··· Given records
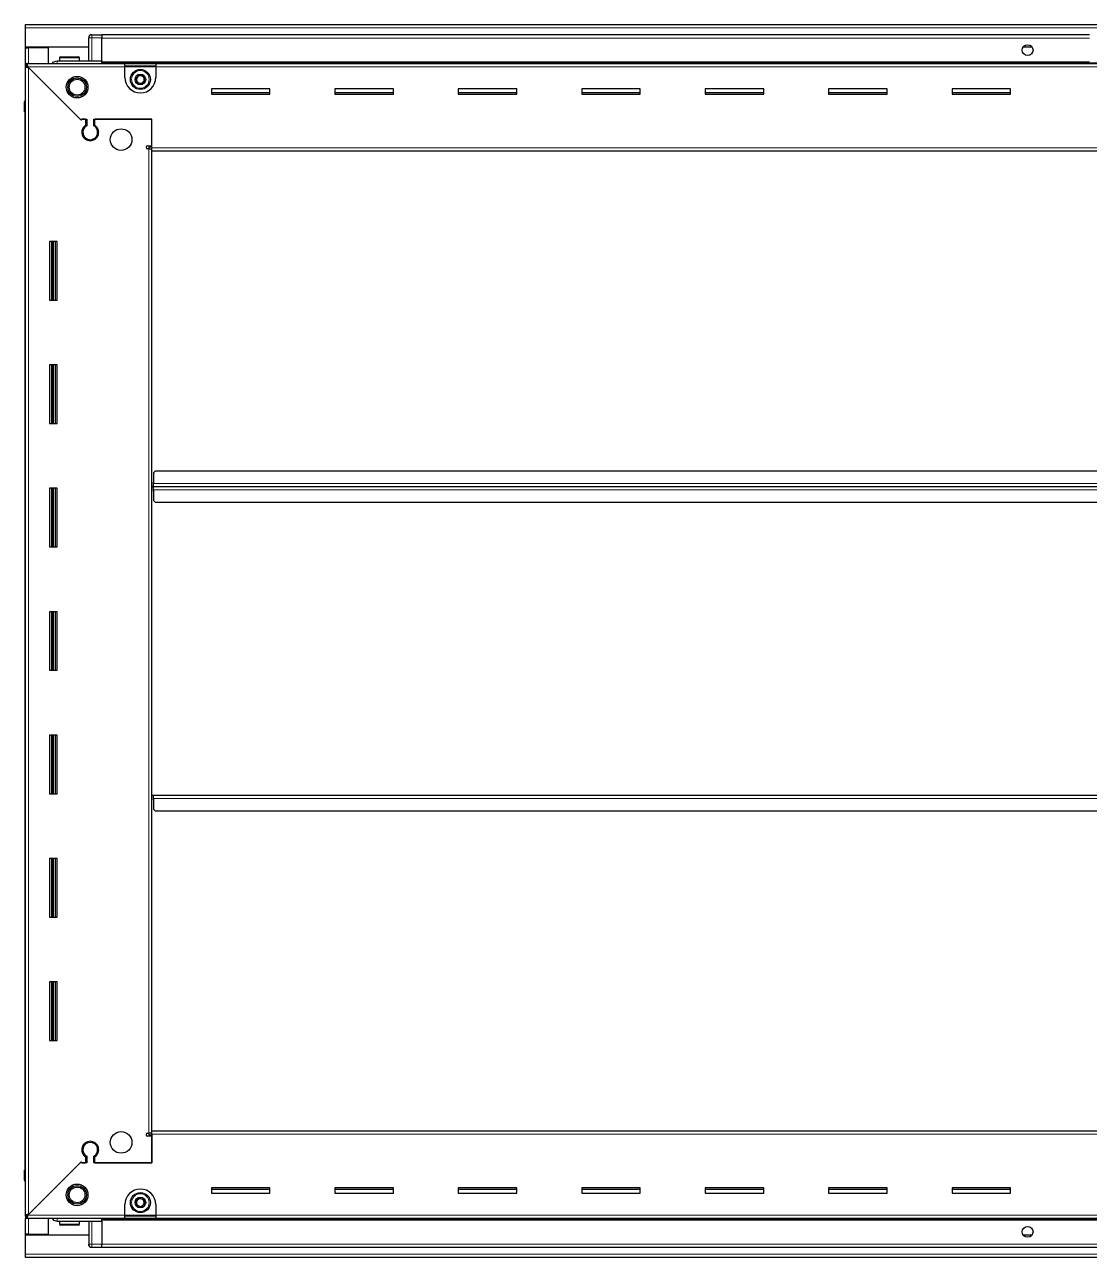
# Model space of a CAD drawing. Header units: millimetres. Extents: x 1256 to 6695, y -1166 to 2004.
# Drawn here: x 5219 to 5909, y 1048 to 1847 of the extents above; entities that cross this region are included whole.
import ezdxf

# ---------------------------------------------------------------- set-up
doc = ezdxf.new("R2010")
doc.units = ezdxf.units.MM

msp = doc.modelspace()

# ---------------------------------------------------------------- linework, layer by layer
at = {"color": 7, "linetype": 'Continuous', "lineweight": 25}
for p, q in [((5219.57, 1844.5), (5219.57, 1846.6)), ((5219.57, 1846.6), (6618.57, 1846.6)), ((5219.57, 1832.1), (5219.57, 1844.5)), ((5260.57, 1823.1), (5260.57, 1838.1)), ((5261.25, 1839.6), (5261.25, 1839.6)), ((5262.57, 1840.1), (5269.07, 1840.1)), ((5262.57, 1840.1), (5269.07, 1840.1)), ((5269.07, 1840.1), (5269.07, 1840.1)), ((5269.07, 1840.1), (5269.07, 1840.1)), ((5269.07, 1840.1), (5269.07, 1838.1)), ((5909.07, 1839.95), (5269.07, 1839.95)), ((5269.07, 1823.1), (5269.07, 1838.1)), ((5260.57, 1832.1), (5219.57, 1832.1)), ((5219.57, 1831.6), (5219.57, 1832.1)), ((5219.57, 1821.35), (5219.57, 1831.6)), ((5219.57, 1831.6), (5221.67, 1831.6)), ((5221.07, 1831.6), (5221.07, 1832.1)), ((5234.57, 1831.6), (5221.67, 1831.6)), ((5234.57, 1821.35), (5234.57, 1831.6)), ((5871.95, 1832.1), (5866.2, 1832.1)), ((5240.07, 1823.1), (5269.07, 1823.1)), ((5241.57, 1825), (5241.57, 1823.1)), ((5242.37, 1825.8), (5253.77, 1825.8)), ((5254.57, 1823.1), (5254.57, 1825)), ((5269, 1821.35), (5269.07, 1823.07)), ((5269.07, 1823.1), (5269.07, 1822.6)), ((5269.07, 1821.95), (6569.07, 1821.95)), ((5219.57, 1819.85), (5219.57, 1821.35)), ((5219.57, 1821.35), (5220.57, 1821.35)), ((5219.57, 1819.35), (5219.57, 1819.85)), ((5219.57, 1819.85), (5220.57, 1819.85)), ((5219.57, 1074.85), (5219.57, 1819.35)), ((5221.07, 1819.35), (5219.57, 1819.35)), ((5220.57, 1821.35), (5284.07, 1821.35)), ((5220.57, 1819.85), (5220.57, 1821.35)), ((5221.17, 1819.25), (5255.07, 1785.35)), ((5255.77, 1784.65), (5221.67, 1818.75)), ((5284.07, 1819.25), (5284.07, 1821.35)), ((5284.07, 1821.35), (5304.07, 1821.35)), ((5284.07, 1819.85), (5304.07, 1819.85)), ((5284.07, 1812.35), (5284.07, 1819.25)), ((5304.07, 1821.35), (5304.07, 1819.25)), ((5304.07, 1821.35), (6534.07, 1821.35)), ((5304.07, 1819.25), (5304.07, 1812.35)), ((5378.07, 1805.1), (5340.07, 1805.1)), ((5340.07, 1805.1), (5340.07, 1801.6)), ((5378.07, 1802.35), (5340.07, 1802.35)), ((5340.07, 1801.6), (5378.07, 1801.6)), ((5378.07, 1801.6), (5378.07, 1805.1)), ((5458.07, 1805.1), (5420.07, 1805.1)), ((5420.07, 1805.1), (5420.07, 1801.6)), ((5458.07, 1802.35), (5420.07, 1802.35)), ((5420.07, 1801.6), (5458.07, 1801.6)), ((5458.07, 1801.6), (5458.07, 1805.1)), ((5538.07, 1805.1), (5500.07, 1805.1)), ((5500.07, 1805.1), (5500.07, 1801.6)), ((5538.07, 1802.35), (5500.07, 1802.35)), ((5500.07, 1801.6), (5538.07, 1801.6)), ((5538.07, 1801.6), (5538.07, 1805.1)), ((5618.07, 1805.1), (5580.07, 1805.1)), ((5580.07, 1805.1), (5580.07, 1801.6)), ((5618.07, 1802.35), (5580.07, 1802.35)), ((5580.07, 1801.6), (5618.07, 1801.6)), ((5618.07, 1801.6), (5618.07, 1805.1)), ((5698.07, 1805.1), (5660.07, 1805.1)), ((5660.07, 1805.1), (5660.07, 1801.6)), ((5698.07, 1802.35), (5660.07, 1802.35)), ((5660.07, 1801.6), (5698.07, 1801.6)), ((5698.07, 1801.6), (5698.07, 1805.1)), ((5778.07, 1805.1), (5740.07, 1805.1)), ((5740.07, 1805.1), (5740.07, 1801.6)), ((5778.07, 1802.35), (5740.07, 1802.35)), ((5740.07, 1801.6), (5778.07, 1801.6)), ((5778.07, 1801.6), (5778.07, 1805.1)), ((5858.07, 1805.1), (5820.07, 1805.1)), ((5820.07, 1805.1), (5820.07, 1801.6)), ((5858.07, 1802.35), (5820.07, 1802.35)), ((5820.07, 1801.6), (5858.07, 1801.6)), ((5858.07, 1801.6), (5858.07, 1805.1)), ((5219.07, 1796.6), (5219.07, 1790.1)), ((5219.07, 1790.1), (5219.07, 1796.6)), ((5219.07, 1790.1), (5219.07, 1790.1)), ((5219.57, 1790.1), (5219.07, 1790.1)), ((5219.22, 1790.1), (5219.22, 1104.1)), ((5255.07, 1785.35), (5259.27, 1785.35)), ((5256.47, 1785.35), (5255.77, 1784.65)), ((5258.57, 1785.35), (5256.47, 1785.35)), ((5258.57, 1785.35), (5258.57, 1781.46)), ((5259.27, 1785.35), (5259.27, 1781.07)), ((5263.87, 1785.35), (5301.57, 1785.35)), ((5263.87, 1781.07), (5263.87, 1785.35)), ((5264.57, 1781.46), (5264.57, 1785.35)), ((5301.57, 1785.35), (5264.57, 1785.35)), ((5301.57, 1766.7), (5301.57, 1785.35)), ((5301.57, 1768.1), (5301.57, 1785.35)), ((5259.57, 1772.49), (5259.57, 1771.73)), ((5298.72, 1768.1), (5301.57, 1768.1)), ((5299.47, 1766.1), (5298.72, 1766.1)), ((5299.47, 1766.1), (5301.57, 1766.1)), ((5301.57, 1767.1), (5299.57, 1767.1)), ((5299.57, 1767.1), (5299.57, 1766.1)), ((5301.57, 1764.6), (5301.57, 1766.7)), ((6536.57, 1764.6), (5301.57, 1764.6)), ((5301.57, 1129.6), (5301.57, 1764.6)), ((5240.07, 1706.1), (5235.07, 1706.1)), ((5235.07, 1706.1), (5235.07, 1668.1)), ((5237.22, 1668.1), (5237.22, 1706.1)), ((5239.01, 1668.1), (5239.01, 1706.1)), ((5239.05, 1668.1), (5239.05, 1706.1)), ((5240.07, 1668.1), (5240.07, 1706.1)), ((5235.07, 1668.1), (5240.07, 1668.1)), ((5240.07, 1626.1), (5235.07, 1626.1)), ((5235.07, 1626.1), (5235.07, 1588.1)), ((5237.22, 1588.1), (5237.22, 1626.1)), ((5239.01, 1588.1), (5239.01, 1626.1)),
······
● Work request
Copy all lines above where "units" is present.

● Exercise answer
# Model space of a CAD drawing. Header units: millimetres. Extents: x 1256 to 6695, y -1166 to 2004.
doc.units = ezdxf.units.MM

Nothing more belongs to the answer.